# An Unexpected early Christmas present.



## bonsai dave (Apr 21, 2010)

Well The past few weeks have been very challenging personal and with my discus tank . Having to deal with the set backs with my car accidents and also dealing with my wife's health issues. Then to finally finish my 170 gallon discus tank only to have it leak out 30 to 40 gallons of water . So now i have to shut the tank down , move the fish in to a diffrent and tear down the set up to clean up the water under the stand and on the back wall. I must say this year has been a very stressful year for fish keeping for me . Having to deal with the massive fish die off right before the Olympics to dealing with Capillaria worms from fish i got from discussdigger . Losing 5 expensive discus in the process. Then having to nuke my tank and in the process of doing that i think i might have destroyed any chance of having my wild breeding pair breeding again . The treatment i put the fish through took a tool on the wilds caught and it has taken them a lot time to get over the treatment.

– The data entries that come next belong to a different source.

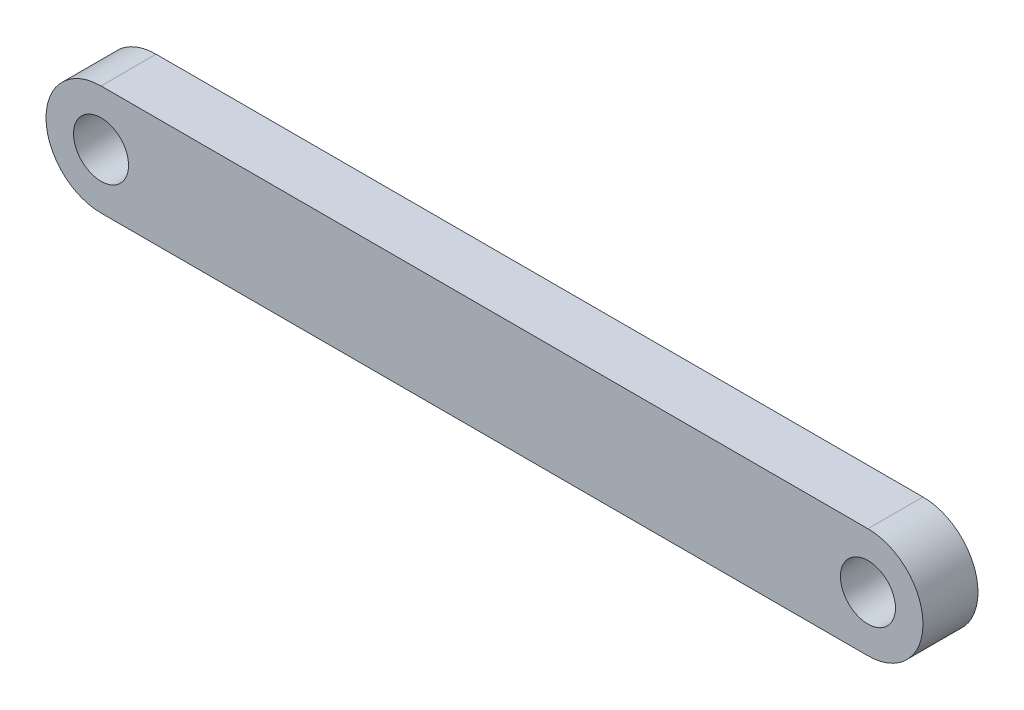
ISO-10303-21;
HEADER;
FILE_DESCRIPTION(('STEP AP214'),'2;1');
FILE_NAME('part.step','',(''),(''),'','','');
FILE_SCHEMA(('AUTOMOTIVE_DESIGN { 1 0 10303 214 1 1 1 1 }'));
ENDSEC;
DATA;
#1=APPLICATION_CONTEXT('core data for automotive mechanical design processes');
#2=APPLICATION_PROTOCOL_DEFINITION('international standard','automotive_design',2000,#1);
#3=PRODUCT_CONTEXT('',#1,'mechanical');
#4=PRODUCT('Part','Part','',(#3));
#5=PRODUCT_RELATED_PRODUCT_CATEGORY('part','',(#4));
#6=PRODUCT_DEFINITION_FORMATION('','',#4);
#7=PRODUCT_DEFINITION_CONTEXT('part definition',#1,'design');
#8=PRODUCT_DEFINITION('design','',#6,#7);
#9=PRODUCT_DEFINITION_SHAPE('','',#8);
#10=(LENGTH_UNIT() NAMED_UNIT(*) SI_UNIT(.MILLI.,.METRE.));
#11=(NAMED_UNIT(*) PLANE_ANGLE_UNIT() SI_UNIT($,.RADIAN.));
#12=(NAMED_UNIT(*) SI_UNIT($,.STERADIAN.) SOLID_ANGLE_UNIT());
#13=UNCERTAINTY_MEASURE_WITH_UNIT(LENGTH_MEASURE(1.E-05),#10,'distance_accuracy_value','');
#14=(GEOMETRIC_REPRESENTATION_CONTEXT(3) GLOBAL_UNCERTAINTY_ASSIGNED_CONTEXT((#13)) GLOBAL_UNIT_ASSIGNED_CONTEXT((#10,
#11,#12)) REPRESENTATION_CONTEXT('',''));
#15=CARTESIAN_POINT('',(0.,0.,0.));
#16=DIRECTION('',(0.,0.,1.));
#17=DIRECTION('',(1.,0.,0.));
#18=AXIS2_PLACEMENT_3D('',#15,#16,#17);
#19=CARTESIAN_POINT('',(34.84,0.,5.));
#20=DIRECTION('',(0.,0.,-1.));
#21=DIRECTION('',(-1.,0.,0.));
#22=AXIS2_PLACEMENT_3D('',#19,#20,#21);
#23=PLANE('',#22);
#24=CARTESIAN_POINT('',(34.84,0.,5.));
#25=DIRECTION('',(0.,0.,1.));
#26=DIRECTION('',(-1.,0.,0.));
#27=AXIS2_PLACEMENT_3D('',#24,#25,#26);
#28=CIRCLE('',#27,5.);
#29=CARTESIAN_POINT('',(34.84,-5.,5.));
#30=VERTEX_POINT('',#29);
#31=CARTESIAN_POINT('',(34.84,5.,5.));
#32=VERTEX_POINT('',#31);
#33=EDGE_CURVE('E92',#30,#32,#28,.T.);
#34=ORIENTED_EDGE('',*,*,#33,.T.);
#35=DIRECTION('',(-1.,0.,0.));
#36=VECTOR('',#35,1.);
#37=CARTESIAN_POINT('',(-34.84,5.,5.));
#38=LINE('',#37,#36);
#39=CARTESIAN_POINT('',(-34.84,5.,5.));
#40=VERTEX_POINT('',#39);
#41=EDGE_CURVE('E87',#32,#40,#38,.T.);
#42=ORIENTED_EDGE('',*,*,#41,.T.);
#43=CARTESIAN_POINT('',(-34.84,0.,5.));
#44=DIRECTION('',(0.,0.,1.));
#45=DIRECTION('',(1.,0.,0.));
#46=AXIS2_PLACEMENT_3D('',#43,#44,#45);
#47=CIRCLE('',#46,5.);
#48=CARTESIAN_POINT('',(-34.84,-5.,5.));
#49=VERTEX_POINT('',#48);
#50=EDGE_CURVE('E90',#40,#49,#47,.T.);
#51=ORIENTED_EDGE('',*,*,#50,.T.);
#52=DIRECTION('',(1.,0.,0.));
#53=VECTOR('',#52,1.);
#54=CARTESIAN_POINT('',(-34.84,-5.,5.));
#55=LINE('',#54,#53);
#56=EDGE_CURVE('E57',#49,#30,#55,.T.);
#57=ORIENTED_EDGE('',*,*,#56,.T.);
#58=EDGE_LOOP('',(#34,#42,#51,#57));
#59=FACE_BOUND('',#58,.T.);
#60=CARTESIAN_POINT('',(-34.84,0.,5.));
#61=DIRECTION('',(0.,0.,1.));
#62=DIRECTION('',(1.,0.,0.));
#63=AXIS2_PLACEMENT_3D('',#60,#61,#62);
#64=CIRCLE('',#63,2.5);
#65=CARTESIAN_POINT('',(-32.34,0.,5.));
#66=VERTEX_POINT('',#65);
#67=EDGE_CURVE('E107',#66,#66,#64,.T.);
#68=ORIENTED_EDGE('',*,*,#67,.F.);
#69=EDGE_LOOP('',(#68));
#70=FACE_BOUND('',#69,.T.);
#71=CARTESIAN_POINT('',(34.84,0.,5.));
#72=DIRECTION('',(0.,0.,1.));
#73=DIRECTION('',(1.,0.,0.));
#74=AXIS2_PLACEMENT_3D('',#71,#72,#73);
#75=CIRCLE('',#74,2.5);
#76=CARTESIAN_POINT('',(37.34,0.,5.));
#77=VERTEX_POINT('',#76);
#78=EDGE_CURVE('E122',#77,#77,#75,.T.);
#79=ORIENTED_EDGE('',*,*,#78,.F.);
#80=EDGE_LOOP('',(#79));
#81=FACE_BOUND('',#80,.T.);
#82=ADVANCED_FACE('F40',(#59,#70,#81),#23,.F.);
#83=CARTESIAN_POINT('',(34.84,0.,0.));
#84=DIRECTION('',(0.,0.,-1.));
#85=DIRECTION('',(-1.,0.,0.));
#86=AXIS2_PLACEMENT_3D('',#83,#84,#85);
#87=PLANE('',#86);
#88=CARTESIAN_POINT('',(-34.84,0.,0.));
#89=DIRECTION('',(0.,0.,1.));
#90=DIRECTION('',(1.,0.,0.));
#91=AXIS2_PLACEMENT_3D('',#88,#89,#90);
#92=CIRCLE('',#91,2.5);
#93=CARTESIAN_POINT('',(-32.34,0.,0.));
#94=VERTEX_POINT('',#93);
#95=EDGE_CURVE('E119',#94,#94,#92,.T.);
#96=ORIENTED_EDGE('',*,*,#95,.T.);
#97=EDGE_LOOP('',(#96));
#98=FACE_BOUND('',#97,.T.);
#99=CARTESIAN_POINT('',(34.84,0.,0.));
#100=DIRECTION('',(0.,0.,1.));
#101=DIRECTION('',(-1.,0.,0.));
#102=AXIS2_PLACEMENT_3D('',#99,#100,#101);
#103=CIRCLE('',#102,5.);
#104=CARTESIAN_POINT('',(34.84,-5.,0.));
#105=VERTEX_POINT('',#104);
#106=CARTESIAN_POINT('',(34.84,5.,0.));
#107=VERTEX_POINT('',#106);
#108=EDGE_CURVE('E104',#105,#107,#103,.T.);
#109=ORIENTED_EDGE('',*,*,#108,.F.);
#110=DIRECTION('',(1.,0.,0.));
#111=VECTOR('',#110,1.);
#112=CARTESIAN_POINT('',(-34.84,-5.,0.));
#113=LINE('',#112,#111);
#114=CARTESIAN_POINT('',(-34.84,-5.,0.));
#115=VERTEX_POINT('',#114);
#116=EDGE_CURVE('E80',#115,#105,#113,.T.);
#117=ORIENTED_EDGE('',*,*,#116,.F.);
#118=CARTESIAN_POINT('',(-34.84,0.,0.));
#119=DIRECTION('',(0.,0.,1.));
#120=DIRECTION('',(1.,0.,0.));
#121=AXIS2_PLACEMENT_3D('',#118,#119,#120);
#122=CIRCLE('',#121,5.);
#123=CARTESIAN_POINT('',(-34.84,5.,0.));
#124=VERTEX_POINT('',#123);
#125=EDGE_CURVE('E74',#124,#115,#122,.T.);
#126=ORIENTED_EDGE('',*,*,#125,.F.);
#127=DIRECTION('',(-1.,0.,0.));
#128=VECTOR('',#127,1.);
#129=CARTESIAN_POINT('',(-34.84,5.,0.));
#130=LINE('',#129,#128);
#131=EDGE_CURVE('E96',#107,#124,#130,.T.);
#132=ORIENTED_EDGE('',*,*,#131,.F.);
#133=EDGE_LOOP('',(#109,#117,#126,#132));
#134=FACE_BOUND('',#133,.T.);
#135=CARTESIAN_POINT('',(34.84,0.,0.));
#136=DIRECTION('',(0.,0.,1.));
#137=DIRECTION('',(1.,0.,0.));
#138=AXIS2_PLACEMENT_3D('',#135,#136,#137);
#139=CIRCLE('',#138,2.5);
#140=CARTESIAN_POINT('',(37.34,0.,0.));
#141=VERTEX_POINT('',#140);
#142=EDGE_CURVE('E125',#141,#141,#139,.T.);
#143=ORIENTED_EDGE('',*,*,#142,.T.);
#144=EDGE_LOOP('',(#143));
#145=FACE_BOUND('',#144,.T.);
#146=ADVANCED_FACE('F115',(#98,#134,#145),#87,.T.);
#147=CARTESIAN_POINT('',(34.84,0.,5.));
#148=DIRECTION('',(0.,0.,-1.));
#149=DIRECTION('',(-1.,0.,0.));
#150=AXIS2_PLACEMENT_3D('',#147,#148,#149);
#151=CYLINDRICAL_SURFACE('',#150,5.);
#152=ORIENTED_EDGE('',*,*,#108,.T.);
#153=DIRECTION('',(0.,0.,-1.));
#154=VECTOR('',#153,1.);
#155=CARTESIAN_POINT('',(34.84,5.,5.));
#156=LINE('',#155,#154);
#157=EDGE_CURVE('E11',#32,#107,#156,.T.);
#158=ORIENTED_EDGE('',*,*,#157,.F.);
#159=ORIENTED_EDGE('',*,*,#33,.F.);
#160=DIRECTION('',(0.,0.,-1.));
#161=VECTOR('',#160,1.);
#162=CARTESIAN_POINT('',(34.84,-5.,5.));
#163=LINE('',#162,#161);
#164=EDGE_CURVE('E100',#30,#105,#163,.T.);
#165=ORIENTED_EDGE('',*,*,#164,.T.);
#166=EDGE_LOOP('',(#152,#158,#159,#165));
#167=FACE_BOUND('',#166,.T.);
#168=ADVANCED_FACE('F42',(#167),#151,.T.);
#169=CARTESIAN_POINT('',(-34.84,5.,5.));
#170=DIRECTION('',(0.,-1.,0.));
#171=DIRECTION('',(0.,0.,-1.));
#172=AXIS2_PLACEMENT_3D('',#169,#170,#171);
#173=PLANE('',#172);
#174=ORIENTED_EDGE('',*,*,#131,.T.);
#175=DIRECTION('',(0.,0.,-1.));
#176=VECTOR('',#175,1.);
#177=CARTESIAN_POINT('',(-34.84,5.,5.));
#178=LINE('',#177,#176);
#179=EDGE_CURVE('E49',#40,#124,#178,.T.);
#180=ORIENTED_EDGE('',*,*,#179,.F.);
#181=ORIENTED_EDGE('',*,*,#41,.F.);
#182=ORIENTED_EDGE('',*,*,#157,.T.);
#183=EDGE_LOOP('',(#174,#180,#181,#182));
#184=FACE_BOUND('',#183,.T.);
#185=ADVANCED_FACE('F95',(#184),#173,.F.);
#186=CARTESIAN_POINT('',(-34.84,0.,5.));
#187=DIRECTION('',(0.,0.,-1.));
#188=DIRECTION('',(-1.,0.,0.));
#189=AXIS2_PLACEMENT_3D('',#186,#187,#188);
#190=CYLINDRICAL_SURFACE('',#189,5.);
#191=ORIENTED_EDGE('',*,*,#125,.T.);
#192=DIRECTION('',(0.,0.,-1.));
#193=VECTOR('',#192,1.);
#194=CARTESIAN_POINT('',(-34.84,-5.,5.));
#195=LINE('',#194,#193);
#196=EDGE_CURVE('E97',#49,#115,#195,.T.);
#197=ORIENTED_EDGE('',*,*,#196,.F.);
#198=ORIENTED_EDGE('',*,*,#50,.F.);
#199=ORIENTED_EDGE('',*,*,#179,.T.);
#200=EDGE_LOOP('',(#191,#197,#198,#199));
#201=FACE_BOUND('',#200,.T.);
#202=ADVANCED_FACE('F98',(#201),#190,.T.);
#203=CARTESIAN_POINT('',(-34.84,-5.,5.));
#204=DIRECTION('',(0.,1.,0.));
#205=DIRECTION('',(0.,0.,1.));
#206=AXIS2_PLACEMENT_3D('',#203,#204,#205);
#207=PLANE('',#206);
#208=ORIENTED_EDGE('',*,*,#116,.T.);
#209=ORIENTED_EDGE('',*,*,#164,.F.);
#210=ORIENTED_EDGE('',*,*,#56,.F.);
#211=ORIENTED_EDGE('',*,*,#196,.T.);
#212=EDGE_LOOP('',(#208,#209,#210,#211));
#213=FACE_BOUND('',#212,.T.);
#214=ADVANCED_FACE('F112',(#213),#207,.F.);
#215=CARTESIAN_POINT('',(-34.84,0.,5.));
#216=DIRECTION('',(0.,0.,-1.));
#217=DIRECTION('',(-1.,0.,0.));
#218=AXIS2_PLACEMENT_3D('',#215,#216,#217);
#219=CYLINDRICAL_SURFACE('',#218,2.5);
#220=ORIENTED_EDGE('',*,*,#67,.T.);
#221=EDGE_LOOP('',(#220));
#222=FACE_BOUND('',#221,.T.);
#223=ORIENTED_EDGE('',*,*,#95,.F.);
#224=EDGE_LOOP('',(#223));
#225=FACE_BOUND('',#224,.T.);
#226=ADVANCED_FACE('F142',(#222,#225),#219,.F.);
#227=CARTESIAN_POINT('',(34.84,0.,5.));
#228=DIRECTION('',(0.,0.,-1.));
#229=DIRECTION('',(-1.,0.,0.));
#230=AXIS2_PLACEMENT_3D('',#227,#228,#229);
#231=CYLINDRICAL_SURFACE('',#230,2.5);
#232=ORIENTED_EDGE('',*,*,#78,.T.);
#233=EDGE_LOOP('',(#232));
#234=FACE_BOUND('',#233,.T.);
#235=ORIENTED_EDGE('',*,*,#142,.F.);
#236=EDGE_LOOP('',(#235));
#237=FACE_BOUND('',#236,.T.);
#238=ADVANCED_FACE('F131',(#234,#237),#231,.F.);
#239=CLOSED_SHELL('',(#82,#146,#168,#185,#202,#214,#226,#238));
#240=MANIFOLD_SOLID_BREP('B2',#239);
#241=ADVANCED_BREP_SHAPE_REPRESENTATION('',(#18,#240),#14);
#242=SHAPE_DEFINITION_REPRESENTATION(#9,#241);
ENDSEC;
END-ISO-10303-21;

Well during this past week I was ready to get rid of my whole collection and sell my tanks but thanks to my wife she has help me through the difficult time. Then today I after coming home from church and I found my red cover and albino leopard snake skin discus laying eggs and i caught some of it on video. Well this made me day and week. I'm gald i didn;t give the away or up on them. Enjoy. Sorry for a long post. I need to vent.


----------



## jobber (May 14, 2010)

Congratulations on the spawn. Must be exciting times and quite the rollercoaster. You've got my well wished for a better 2011! Good luck with the new brood  btw, merry xmas!


----------



## onefishtwofish (Apr 21, 2010)

yes congratz on th spawn. that is a nice surprise and a well deserved one.


----------



## davefrombc (Apr 21, 2010)

Merry Christmas Dave .. May the bounties of 2011 more than make up for the setbacks of 2010 !


----------



## April (Apr 21, 2010)

thats what discus are..a roller coaster ride!!! but WELL WORTH ONE. 
Once you get the collection your happy with..just dont add anymore..and problems will be minimal unless water issues. 
merry xmas and congrats on the eggs.


----------



## fraggalrock (Apr 21, 2010)

Merry Christmas Dave! and congrats on the spawn.2011 is your year!


----------



## gklaw (May 31, 2010)

Glad there is some excitment to give you some Christmas cheers. Will call you after Christmas. Hope you get the 170 gallon under control. Just get my 75 gallon set up except for the sump you brought over - need some more plumbing parts.

Let me know if you want a temporary home for you fish. I am sure my discus (and me  )would enjoy their company.


----------



## Morainy (Apr 21, 2010)

Really delightful news, Dave. I hope that you and your wife have a happy, healthy 2011.


----------